I like your introductory statement, but its not clear how clients should
address you. This is an easy fix. For example: Reach out to (Kamran) at.....
This adds a bit more personality to your page. I wrote an in-depth article on
developer resumes and portfolios not too long ago, maybe you will find it
useful. [https://www.codementor.io/blog/Software-engineer-
resume-2ouy...](https://www.codementor.io/blog/Software-engineer-
resume-2ouyh6n4f6)

------
narmak
I like the minimal design of the website. Quick feedback

\- Add portfolio

\- Add tech stack

One thing that I think is most important and missing here is the portfolio. As
it will provide context and proof of your skills and capabilities from past
projects. Also if you can get testimonials from people you've worked with in
the past that's great too.

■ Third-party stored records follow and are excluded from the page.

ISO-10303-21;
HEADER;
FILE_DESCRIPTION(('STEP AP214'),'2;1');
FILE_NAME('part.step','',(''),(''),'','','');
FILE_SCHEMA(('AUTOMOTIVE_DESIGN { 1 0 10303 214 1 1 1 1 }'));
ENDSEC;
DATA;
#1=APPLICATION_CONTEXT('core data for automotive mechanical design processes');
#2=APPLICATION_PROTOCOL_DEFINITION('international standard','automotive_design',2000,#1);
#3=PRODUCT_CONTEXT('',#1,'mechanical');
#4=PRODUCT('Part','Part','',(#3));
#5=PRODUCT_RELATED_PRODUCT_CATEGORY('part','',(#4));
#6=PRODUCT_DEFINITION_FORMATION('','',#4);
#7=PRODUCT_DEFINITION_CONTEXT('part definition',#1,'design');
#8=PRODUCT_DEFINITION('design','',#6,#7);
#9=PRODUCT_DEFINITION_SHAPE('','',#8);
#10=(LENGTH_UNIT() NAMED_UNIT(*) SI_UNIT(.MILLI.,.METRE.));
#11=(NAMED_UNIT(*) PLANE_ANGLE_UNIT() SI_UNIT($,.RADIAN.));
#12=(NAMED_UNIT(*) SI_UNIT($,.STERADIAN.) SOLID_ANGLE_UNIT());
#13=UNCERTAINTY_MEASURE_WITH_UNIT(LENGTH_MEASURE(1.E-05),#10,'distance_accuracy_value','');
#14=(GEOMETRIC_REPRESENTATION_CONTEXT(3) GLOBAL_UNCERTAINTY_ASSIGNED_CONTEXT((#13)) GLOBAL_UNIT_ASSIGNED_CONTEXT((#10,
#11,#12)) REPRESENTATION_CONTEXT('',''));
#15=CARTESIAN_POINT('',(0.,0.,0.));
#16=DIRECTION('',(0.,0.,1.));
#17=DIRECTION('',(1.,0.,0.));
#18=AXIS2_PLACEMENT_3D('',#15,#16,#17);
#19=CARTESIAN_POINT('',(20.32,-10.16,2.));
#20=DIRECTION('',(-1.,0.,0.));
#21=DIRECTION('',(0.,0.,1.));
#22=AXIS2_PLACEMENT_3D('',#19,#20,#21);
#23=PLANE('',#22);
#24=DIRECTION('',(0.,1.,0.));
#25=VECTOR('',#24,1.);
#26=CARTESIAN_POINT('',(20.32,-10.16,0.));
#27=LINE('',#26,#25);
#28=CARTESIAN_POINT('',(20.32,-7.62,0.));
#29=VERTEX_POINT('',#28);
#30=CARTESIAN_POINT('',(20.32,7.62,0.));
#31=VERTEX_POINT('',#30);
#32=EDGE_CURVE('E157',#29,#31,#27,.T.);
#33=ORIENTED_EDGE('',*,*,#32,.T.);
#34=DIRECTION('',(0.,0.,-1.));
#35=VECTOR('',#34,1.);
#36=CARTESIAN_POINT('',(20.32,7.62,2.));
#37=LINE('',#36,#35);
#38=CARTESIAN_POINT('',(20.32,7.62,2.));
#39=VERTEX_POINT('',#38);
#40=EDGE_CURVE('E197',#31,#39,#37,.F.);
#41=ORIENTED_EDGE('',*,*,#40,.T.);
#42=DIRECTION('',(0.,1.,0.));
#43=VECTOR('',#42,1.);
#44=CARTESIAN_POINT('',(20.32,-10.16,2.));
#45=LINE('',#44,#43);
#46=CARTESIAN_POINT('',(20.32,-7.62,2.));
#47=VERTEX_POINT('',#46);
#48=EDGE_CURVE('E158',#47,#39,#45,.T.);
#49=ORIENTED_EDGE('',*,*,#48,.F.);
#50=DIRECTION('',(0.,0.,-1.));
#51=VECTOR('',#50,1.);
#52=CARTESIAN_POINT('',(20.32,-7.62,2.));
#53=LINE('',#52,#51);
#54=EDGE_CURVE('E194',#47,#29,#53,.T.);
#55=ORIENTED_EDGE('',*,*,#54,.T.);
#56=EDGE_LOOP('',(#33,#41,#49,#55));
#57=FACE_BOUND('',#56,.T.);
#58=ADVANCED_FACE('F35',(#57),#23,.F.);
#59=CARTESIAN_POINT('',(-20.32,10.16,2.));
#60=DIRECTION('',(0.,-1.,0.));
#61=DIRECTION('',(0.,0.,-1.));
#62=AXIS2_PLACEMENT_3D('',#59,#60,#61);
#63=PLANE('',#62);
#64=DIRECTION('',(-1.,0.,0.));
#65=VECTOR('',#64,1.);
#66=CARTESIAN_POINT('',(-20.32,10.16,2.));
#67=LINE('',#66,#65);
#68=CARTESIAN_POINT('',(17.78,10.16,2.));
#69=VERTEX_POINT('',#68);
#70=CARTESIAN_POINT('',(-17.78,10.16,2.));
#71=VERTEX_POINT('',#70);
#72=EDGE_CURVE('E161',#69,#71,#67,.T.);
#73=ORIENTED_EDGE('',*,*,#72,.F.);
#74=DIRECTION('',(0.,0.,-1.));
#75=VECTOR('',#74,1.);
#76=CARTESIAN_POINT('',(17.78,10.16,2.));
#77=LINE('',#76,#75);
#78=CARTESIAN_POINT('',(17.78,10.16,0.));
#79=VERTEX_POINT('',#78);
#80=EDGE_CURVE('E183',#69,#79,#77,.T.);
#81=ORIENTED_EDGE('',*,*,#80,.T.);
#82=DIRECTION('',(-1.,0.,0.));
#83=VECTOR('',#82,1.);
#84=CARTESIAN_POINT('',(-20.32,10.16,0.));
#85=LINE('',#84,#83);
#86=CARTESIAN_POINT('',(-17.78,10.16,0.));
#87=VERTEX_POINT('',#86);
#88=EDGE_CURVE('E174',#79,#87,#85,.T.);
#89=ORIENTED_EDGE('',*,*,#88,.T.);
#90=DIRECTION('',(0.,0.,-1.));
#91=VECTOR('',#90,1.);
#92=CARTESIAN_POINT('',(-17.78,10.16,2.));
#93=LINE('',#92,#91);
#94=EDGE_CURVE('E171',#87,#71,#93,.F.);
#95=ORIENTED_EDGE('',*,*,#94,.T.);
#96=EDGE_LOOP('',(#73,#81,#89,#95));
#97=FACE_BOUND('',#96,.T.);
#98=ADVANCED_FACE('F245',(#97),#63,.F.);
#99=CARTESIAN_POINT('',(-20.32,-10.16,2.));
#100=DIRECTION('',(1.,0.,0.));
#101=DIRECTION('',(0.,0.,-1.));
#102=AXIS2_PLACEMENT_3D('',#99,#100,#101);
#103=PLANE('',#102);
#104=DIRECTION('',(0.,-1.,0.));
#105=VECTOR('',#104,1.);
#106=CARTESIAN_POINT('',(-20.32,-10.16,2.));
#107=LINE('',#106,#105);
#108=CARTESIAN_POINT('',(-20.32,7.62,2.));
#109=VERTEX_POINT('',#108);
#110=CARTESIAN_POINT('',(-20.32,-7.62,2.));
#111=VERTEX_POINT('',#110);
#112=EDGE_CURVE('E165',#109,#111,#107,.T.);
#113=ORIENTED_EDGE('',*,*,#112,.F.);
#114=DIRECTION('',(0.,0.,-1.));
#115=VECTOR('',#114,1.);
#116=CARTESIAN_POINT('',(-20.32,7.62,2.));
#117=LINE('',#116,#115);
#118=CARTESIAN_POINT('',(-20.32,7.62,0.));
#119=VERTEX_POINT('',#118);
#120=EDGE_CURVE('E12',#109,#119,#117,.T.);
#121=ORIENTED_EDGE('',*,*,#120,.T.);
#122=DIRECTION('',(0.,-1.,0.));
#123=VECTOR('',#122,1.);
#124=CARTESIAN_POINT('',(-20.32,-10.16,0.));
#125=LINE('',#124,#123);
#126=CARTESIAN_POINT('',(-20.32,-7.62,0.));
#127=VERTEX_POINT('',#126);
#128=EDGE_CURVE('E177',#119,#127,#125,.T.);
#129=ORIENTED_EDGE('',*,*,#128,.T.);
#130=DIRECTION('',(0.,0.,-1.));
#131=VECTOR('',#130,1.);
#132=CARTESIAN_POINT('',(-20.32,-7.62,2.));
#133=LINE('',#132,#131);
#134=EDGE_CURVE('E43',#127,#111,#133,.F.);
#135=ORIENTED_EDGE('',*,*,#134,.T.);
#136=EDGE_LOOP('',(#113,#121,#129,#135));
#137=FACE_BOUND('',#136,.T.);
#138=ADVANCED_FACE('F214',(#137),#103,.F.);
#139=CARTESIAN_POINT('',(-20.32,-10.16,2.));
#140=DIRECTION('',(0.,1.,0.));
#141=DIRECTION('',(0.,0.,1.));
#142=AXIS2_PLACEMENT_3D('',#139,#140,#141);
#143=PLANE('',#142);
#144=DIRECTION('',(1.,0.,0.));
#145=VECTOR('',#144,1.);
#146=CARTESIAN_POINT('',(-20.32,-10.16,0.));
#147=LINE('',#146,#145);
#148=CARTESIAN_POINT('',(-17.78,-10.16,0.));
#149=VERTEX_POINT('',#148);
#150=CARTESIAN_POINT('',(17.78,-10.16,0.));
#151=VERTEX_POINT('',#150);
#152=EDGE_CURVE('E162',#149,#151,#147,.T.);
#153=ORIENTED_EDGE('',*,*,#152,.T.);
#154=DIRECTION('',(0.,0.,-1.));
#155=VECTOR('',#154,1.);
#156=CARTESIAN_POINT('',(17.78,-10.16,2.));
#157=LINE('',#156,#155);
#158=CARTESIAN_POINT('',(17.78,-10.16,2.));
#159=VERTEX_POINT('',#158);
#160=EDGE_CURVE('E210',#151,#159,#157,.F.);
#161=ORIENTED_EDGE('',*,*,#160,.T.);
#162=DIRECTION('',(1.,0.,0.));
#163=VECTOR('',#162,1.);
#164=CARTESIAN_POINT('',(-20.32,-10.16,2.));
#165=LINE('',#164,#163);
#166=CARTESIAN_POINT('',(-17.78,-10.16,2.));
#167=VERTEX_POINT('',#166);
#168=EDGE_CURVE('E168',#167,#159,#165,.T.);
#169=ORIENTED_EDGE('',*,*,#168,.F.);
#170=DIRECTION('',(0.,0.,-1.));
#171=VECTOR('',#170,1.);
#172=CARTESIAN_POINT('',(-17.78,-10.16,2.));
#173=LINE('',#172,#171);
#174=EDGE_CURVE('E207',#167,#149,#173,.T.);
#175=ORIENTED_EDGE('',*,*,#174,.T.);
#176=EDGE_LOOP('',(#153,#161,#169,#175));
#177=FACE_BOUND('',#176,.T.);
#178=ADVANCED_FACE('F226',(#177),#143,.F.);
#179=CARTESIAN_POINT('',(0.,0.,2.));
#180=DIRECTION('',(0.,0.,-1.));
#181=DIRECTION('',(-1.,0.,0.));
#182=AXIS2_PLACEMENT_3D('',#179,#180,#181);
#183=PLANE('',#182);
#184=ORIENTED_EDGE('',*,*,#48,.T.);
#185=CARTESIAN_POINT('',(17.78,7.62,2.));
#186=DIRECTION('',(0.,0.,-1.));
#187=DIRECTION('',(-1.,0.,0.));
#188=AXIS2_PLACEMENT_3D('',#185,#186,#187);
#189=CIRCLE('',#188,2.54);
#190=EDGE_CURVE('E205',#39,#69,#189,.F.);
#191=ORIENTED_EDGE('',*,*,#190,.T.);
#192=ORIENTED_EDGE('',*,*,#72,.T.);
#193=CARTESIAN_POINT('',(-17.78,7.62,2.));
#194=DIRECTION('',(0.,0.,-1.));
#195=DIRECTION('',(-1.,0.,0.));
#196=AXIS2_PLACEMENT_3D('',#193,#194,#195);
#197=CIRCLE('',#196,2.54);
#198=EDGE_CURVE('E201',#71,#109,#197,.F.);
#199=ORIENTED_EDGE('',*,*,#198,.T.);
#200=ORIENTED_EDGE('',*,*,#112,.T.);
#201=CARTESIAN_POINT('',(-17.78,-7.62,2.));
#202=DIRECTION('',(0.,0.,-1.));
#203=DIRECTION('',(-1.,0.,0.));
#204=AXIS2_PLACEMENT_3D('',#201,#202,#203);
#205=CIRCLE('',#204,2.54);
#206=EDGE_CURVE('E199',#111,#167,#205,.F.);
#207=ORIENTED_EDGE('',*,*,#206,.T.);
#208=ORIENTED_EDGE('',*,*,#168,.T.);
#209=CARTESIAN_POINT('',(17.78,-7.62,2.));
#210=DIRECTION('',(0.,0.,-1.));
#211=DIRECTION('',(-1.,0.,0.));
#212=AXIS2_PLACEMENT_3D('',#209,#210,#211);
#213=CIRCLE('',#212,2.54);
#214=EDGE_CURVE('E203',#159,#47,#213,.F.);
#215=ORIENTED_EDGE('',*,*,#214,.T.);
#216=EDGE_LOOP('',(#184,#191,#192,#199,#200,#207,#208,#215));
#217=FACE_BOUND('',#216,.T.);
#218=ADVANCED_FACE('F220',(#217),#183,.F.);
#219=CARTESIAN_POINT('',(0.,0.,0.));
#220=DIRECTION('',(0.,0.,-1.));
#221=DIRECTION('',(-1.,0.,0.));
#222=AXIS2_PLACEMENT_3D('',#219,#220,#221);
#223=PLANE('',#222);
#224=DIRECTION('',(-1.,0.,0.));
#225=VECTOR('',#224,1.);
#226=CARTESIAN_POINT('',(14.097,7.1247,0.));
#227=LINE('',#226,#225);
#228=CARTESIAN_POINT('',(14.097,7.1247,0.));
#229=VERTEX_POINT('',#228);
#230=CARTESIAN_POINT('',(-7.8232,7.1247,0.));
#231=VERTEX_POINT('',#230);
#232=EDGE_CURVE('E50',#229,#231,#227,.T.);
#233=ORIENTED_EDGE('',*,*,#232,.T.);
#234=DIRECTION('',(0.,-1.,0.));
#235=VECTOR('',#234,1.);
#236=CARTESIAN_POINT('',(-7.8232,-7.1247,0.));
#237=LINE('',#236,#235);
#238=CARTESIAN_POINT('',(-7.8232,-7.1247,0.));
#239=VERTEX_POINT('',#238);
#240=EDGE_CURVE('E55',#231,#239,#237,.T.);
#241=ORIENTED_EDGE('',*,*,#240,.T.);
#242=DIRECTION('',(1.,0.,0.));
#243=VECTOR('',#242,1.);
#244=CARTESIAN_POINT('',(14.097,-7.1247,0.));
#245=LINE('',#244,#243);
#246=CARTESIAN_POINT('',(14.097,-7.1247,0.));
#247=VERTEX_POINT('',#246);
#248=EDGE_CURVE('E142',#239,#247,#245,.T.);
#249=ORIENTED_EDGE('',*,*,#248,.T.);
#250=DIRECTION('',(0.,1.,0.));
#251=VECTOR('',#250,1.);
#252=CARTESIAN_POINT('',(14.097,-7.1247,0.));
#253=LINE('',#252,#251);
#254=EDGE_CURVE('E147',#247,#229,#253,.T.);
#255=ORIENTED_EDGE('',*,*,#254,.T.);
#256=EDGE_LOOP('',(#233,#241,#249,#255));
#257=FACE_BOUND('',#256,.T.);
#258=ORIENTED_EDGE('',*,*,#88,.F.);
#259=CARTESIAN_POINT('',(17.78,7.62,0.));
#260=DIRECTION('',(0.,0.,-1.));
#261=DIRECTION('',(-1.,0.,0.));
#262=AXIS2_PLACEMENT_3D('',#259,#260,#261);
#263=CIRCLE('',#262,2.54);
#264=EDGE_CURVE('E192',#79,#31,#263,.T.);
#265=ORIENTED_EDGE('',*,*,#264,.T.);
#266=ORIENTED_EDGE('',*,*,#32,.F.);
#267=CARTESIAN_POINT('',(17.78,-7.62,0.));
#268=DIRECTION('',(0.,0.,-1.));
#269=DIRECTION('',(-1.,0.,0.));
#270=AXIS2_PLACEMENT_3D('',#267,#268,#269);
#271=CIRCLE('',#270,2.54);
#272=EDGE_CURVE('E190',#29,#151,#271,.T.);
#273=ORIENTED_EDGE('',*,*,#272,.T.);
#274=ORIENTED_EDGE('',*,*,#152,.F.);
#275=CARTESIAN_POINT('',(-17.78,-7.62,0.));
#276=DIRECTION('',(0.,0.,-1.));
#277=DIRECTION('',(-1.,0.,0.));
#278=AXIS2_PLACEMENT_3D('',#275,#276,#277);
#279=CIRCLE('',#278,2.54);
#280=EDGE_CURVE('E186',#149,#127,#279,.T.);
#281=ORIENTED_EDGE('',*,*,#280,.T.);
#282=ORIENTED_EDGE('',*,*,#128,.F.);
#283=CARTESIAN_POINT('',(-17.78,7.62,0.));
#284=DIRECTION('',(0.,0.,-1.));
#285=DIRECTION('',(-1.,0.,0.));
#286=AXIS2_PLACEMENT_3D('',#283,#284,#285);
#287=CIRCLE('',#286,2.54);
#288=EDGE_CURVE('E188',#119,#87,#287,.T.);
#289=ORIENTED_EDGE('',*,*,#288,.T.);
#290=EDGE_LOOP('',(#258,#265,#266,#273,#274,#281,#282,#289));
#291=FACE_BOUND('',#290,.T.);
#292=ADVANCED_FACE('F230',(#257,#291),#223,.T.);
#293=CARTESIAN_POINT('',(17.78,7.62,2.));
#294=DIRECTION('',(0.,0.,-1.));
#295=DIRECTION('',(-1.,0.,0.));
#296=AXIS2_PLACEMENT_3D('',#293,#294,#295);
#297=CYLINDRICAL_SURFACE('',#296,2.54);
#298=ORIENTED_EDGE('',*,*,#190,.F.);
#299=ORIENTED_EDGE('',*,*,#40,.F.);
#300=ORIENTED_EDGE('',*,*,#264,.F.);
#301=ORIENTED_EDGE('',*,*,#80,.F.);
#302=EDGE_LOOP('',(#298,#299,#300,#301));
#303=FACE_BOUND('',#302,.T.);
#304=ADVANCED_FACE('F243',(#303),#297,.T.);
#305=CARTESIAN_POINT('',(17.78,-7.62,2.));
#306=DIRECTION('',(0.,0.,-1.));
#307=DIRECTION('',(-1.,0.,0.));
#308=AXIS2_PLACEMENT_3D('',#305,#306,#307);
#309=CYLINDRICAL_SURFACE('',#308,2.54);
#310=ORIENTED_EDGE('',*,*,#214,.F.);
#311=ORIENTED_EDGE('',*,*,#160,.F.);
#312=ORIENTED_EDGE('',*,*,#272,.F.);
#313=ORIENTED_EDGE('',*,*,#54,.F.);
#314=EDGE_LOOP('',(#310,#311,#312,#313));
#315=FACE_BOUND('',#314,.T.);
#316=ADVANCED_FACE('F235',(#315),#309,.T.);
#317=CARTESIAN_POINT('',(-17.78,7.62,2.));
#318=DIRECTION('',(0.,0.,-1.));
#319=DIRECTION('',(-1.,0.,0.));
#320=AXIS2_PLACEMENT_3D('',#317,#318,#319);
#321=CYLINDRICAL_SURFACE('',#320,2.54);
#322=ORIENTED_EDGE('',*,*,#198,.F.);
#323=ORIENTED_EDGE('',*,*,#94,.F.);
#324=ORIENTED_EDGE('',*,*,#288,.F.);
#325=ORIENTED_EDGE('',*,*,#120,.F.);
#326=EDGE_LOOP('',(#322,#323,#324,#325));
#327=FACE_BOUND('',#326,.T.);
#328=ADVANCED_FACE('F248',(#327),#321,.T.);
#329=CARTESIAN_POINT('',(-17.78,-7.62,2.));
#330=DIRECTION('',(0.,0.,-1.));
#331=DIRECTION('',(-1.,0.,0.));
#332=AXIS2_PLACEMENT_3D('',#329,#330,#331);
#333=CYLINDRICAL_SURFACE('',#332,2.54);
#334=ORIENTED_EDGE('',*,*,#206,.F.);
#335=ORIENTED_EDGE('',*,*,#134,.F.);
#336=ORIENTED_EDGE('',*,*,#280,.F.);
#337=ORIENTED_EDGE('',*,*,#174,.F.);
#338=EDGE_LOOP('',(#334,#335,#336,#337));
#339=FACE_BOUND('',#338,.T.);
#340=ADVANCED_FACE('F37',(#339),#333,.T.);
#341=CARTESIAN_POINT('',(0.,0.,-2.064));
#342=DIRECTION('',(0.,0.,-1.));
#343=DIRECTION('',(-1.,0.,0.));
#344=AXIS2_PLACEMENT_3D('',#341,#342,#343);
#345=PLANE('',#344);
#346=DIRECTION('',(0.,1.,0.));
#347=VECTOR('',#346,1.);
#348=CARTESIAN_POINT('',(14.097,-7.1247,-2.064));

The tech stack thing is a mixed bag since it can
"disqualify" you from gigs you might be able to handle, but _most_ people
seeking freelancers will be looking for a specific stack/set of skills and if
you can immediately show them that you "fit" it will help.

You've got a ton of followers/traction on github so at a minimum i'd say
highlight those things you've had success with?

------
thenormal
Good luck!